Если бы я не прислушался к предупреждениям и не подготовился к какому-то страшному зрелищу, то, несомненно, выронил бы лампу. Пустая комната без окон была приспособлена под фотолабораторию с раковиной и краном на одной из стен. На полке стояли бутылки и мензурки, а воздух наполнял тяжелый специфический запах смеси химической и органической материи. Прямо перед нами стоял стол, а за ним, спиной к двери, в позе пишущего сидел человек. В полутьме облик и поза выглядели естественными — такими же, как в жизни, однако, когда на него упал свет, от ужаса волосы на моей голове встали дыбом: шея сидевшего за столом покойника почернела и высохла, став не толще моего запястья. Желтая пыль покрывала его толстым слоем, лежала на волосах, плечах, сморщенных, лимонного цвета руках. Голова упала на грудь, а перо застыло на потемневшем листе бумаги.
— Мой бедный хозяин! Мой бедный, бедный хозяин! — со слезами воскликнул мистер Персиваль.
— Что? — изумился я. — Это и есть мистер Станислав Стэннифорд?
— Вот так он просидел здесь целых семь лет. О, зачем же он это сделал? Ведь я уговаривал, умолял, стоял на коленях, но он все-таки поступил по-своему. Смотрите, на столе лежит ключ. Он заперся изнутри. И что-то написал. Надо прочитать.
— Да-да. Возьмите письмо и давайте поскорее уйдем отсюда. Воздух ядовитый. Пойдемте, Стэннифорд, пойдемте!
Мы схватили молодого хозяина под руки и повели — точнее, потащили — обратно в его комнату.
— Это же отец! — вскричал Феликс, едва придя в себя. — Сидит там мертвый. Вы знали, Персиваль! Вы же это имели в виду, когда предупреждали меня!
— Да, мистер Стэннифорд, я знал с самого начала. Все время старательно изображал неведенье, но чувствовал себя отвратительно. Целых семь лет знал, что ваш отец скрывается в этой комнате… мертвым.
— Знали, но не сказали!
— Не сердитесь на меня, мистер Стэннифорд, сэр! Проявите милосердие к тому, кому досталась трудная роль.
— Голова кружится.
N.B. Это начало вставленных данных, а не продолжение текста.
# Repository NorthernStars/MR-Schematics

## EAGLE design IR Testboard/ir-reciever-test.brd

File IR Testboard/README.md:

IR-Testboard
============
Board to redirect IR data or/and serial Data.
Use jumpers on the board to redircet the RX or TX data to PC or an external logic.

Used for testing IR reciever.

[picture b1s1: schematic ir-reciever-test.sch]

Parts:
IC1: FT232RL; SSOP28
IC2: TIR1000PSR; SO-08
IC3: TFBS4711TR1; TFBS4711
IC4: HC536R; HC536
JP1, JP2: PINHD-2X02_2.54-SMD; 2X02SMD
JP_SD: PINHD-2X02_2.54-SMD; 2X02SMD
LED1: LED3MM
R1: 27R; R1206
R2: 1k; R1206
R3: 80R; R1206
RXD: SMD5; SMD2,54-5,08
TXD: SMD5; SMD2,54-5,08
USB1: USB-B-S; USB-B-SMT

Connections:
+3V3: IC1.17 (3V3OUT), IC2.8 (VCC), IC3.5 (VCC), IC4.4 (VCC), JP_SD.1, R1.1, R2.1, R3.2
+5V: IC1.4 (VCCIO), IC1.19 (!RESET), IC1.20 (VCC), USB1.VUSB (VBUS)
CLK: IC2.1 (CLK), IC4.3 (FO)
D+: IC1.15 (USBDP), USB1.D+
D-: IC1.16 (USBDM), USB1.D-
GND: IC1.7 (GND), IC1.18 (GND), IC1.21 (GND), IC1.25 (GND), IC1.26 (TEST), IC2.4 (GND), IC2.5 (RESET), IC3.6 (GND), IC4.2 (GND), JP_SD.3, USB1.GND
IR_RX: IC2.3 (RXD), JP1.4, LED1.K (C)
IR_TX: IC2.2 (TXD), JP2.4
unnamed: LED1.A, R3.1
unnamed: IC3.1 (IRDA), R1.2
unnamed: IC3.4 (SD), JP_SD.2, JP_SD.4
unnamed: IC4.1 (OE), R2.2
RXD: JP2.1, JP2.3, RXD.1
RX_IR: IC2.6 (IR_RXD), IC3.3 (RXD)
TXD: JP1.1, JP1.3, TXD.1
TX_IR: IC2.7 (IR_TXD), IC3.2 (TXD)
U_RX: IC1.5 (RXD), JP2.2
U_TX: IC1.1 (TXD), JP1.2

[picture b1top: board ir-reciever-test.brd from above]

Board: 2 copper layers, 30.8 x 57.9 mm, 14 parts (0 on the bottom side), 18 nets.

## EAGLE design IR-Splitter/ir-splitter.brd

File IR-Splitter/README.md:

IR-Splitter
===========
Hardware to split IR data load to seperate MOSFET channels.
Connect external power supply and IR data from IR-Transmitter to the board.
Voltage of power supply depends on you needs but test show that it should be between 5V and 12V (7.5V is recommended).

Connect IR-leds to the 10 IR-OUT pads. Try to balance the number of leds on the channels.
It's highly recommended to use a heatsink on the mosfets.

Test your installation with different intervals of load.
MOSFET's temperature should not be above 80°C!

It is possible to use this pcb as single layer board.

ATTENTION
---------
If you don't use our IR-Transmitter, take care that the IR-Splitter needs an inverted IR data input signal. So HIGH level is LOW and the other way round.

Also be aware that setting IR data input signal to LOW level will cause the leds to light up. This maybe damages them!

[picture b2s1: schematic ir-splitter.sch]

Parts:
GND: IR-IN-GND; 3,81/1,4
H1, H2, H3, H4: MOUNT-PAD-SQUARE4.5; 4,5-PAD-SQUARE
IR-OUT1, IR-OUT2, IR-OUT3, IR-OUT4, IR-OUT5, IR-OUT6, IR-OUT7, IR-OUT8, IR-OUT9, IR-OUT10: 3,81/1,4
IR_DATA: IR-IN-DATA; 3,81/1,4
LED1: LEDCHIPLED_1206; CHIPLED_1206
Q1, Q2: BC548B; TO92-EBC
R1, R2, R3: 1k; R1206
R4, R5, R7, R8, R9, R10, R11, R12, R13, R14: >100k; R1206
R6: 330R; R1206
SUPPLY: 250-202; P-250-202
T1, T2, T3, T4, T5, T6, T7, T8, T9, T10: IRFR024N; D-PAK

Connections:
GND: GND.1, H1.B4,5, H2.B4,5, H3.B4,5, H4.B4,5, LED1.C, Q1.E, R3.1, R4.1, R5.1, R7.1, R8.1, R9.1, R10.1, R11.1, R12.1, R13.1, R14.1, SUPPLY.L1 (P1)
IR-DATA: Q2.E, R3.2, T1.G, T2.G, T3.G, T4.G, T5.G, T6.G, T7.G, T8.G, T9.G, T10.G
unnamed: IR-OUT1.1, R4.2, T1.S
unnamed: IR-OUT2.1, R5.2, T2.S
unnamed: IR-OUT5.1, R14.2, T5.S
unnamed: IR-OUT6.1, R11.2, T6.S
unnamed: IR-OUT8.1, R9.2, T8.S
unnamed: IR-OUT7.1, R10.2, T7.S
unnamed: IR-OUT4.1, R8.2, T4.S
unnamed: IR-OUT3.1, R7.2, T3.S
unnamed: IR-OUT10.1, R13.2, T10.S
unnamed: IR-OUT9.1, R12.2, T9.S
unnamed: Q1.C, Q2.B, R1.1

Не могу поверить!
Феликс с трудом поднялся и налил себе бренди.
— А как же письма матушке и мне? Неужели поддельные?
— Нет, сэр. Хозяин написал их, запечатал, обозначил адрес и отдал мне с указанием отправить. Я в точности исполнил все его пожелания. Он был моим работодателем, и я неизменно подчинялся каждому его слову.
Бренди немного укрепило расшатанные нервы молодого человека.
— Расскажите все, что знаете. Теперь я смогу это выдержать, — потребовал он.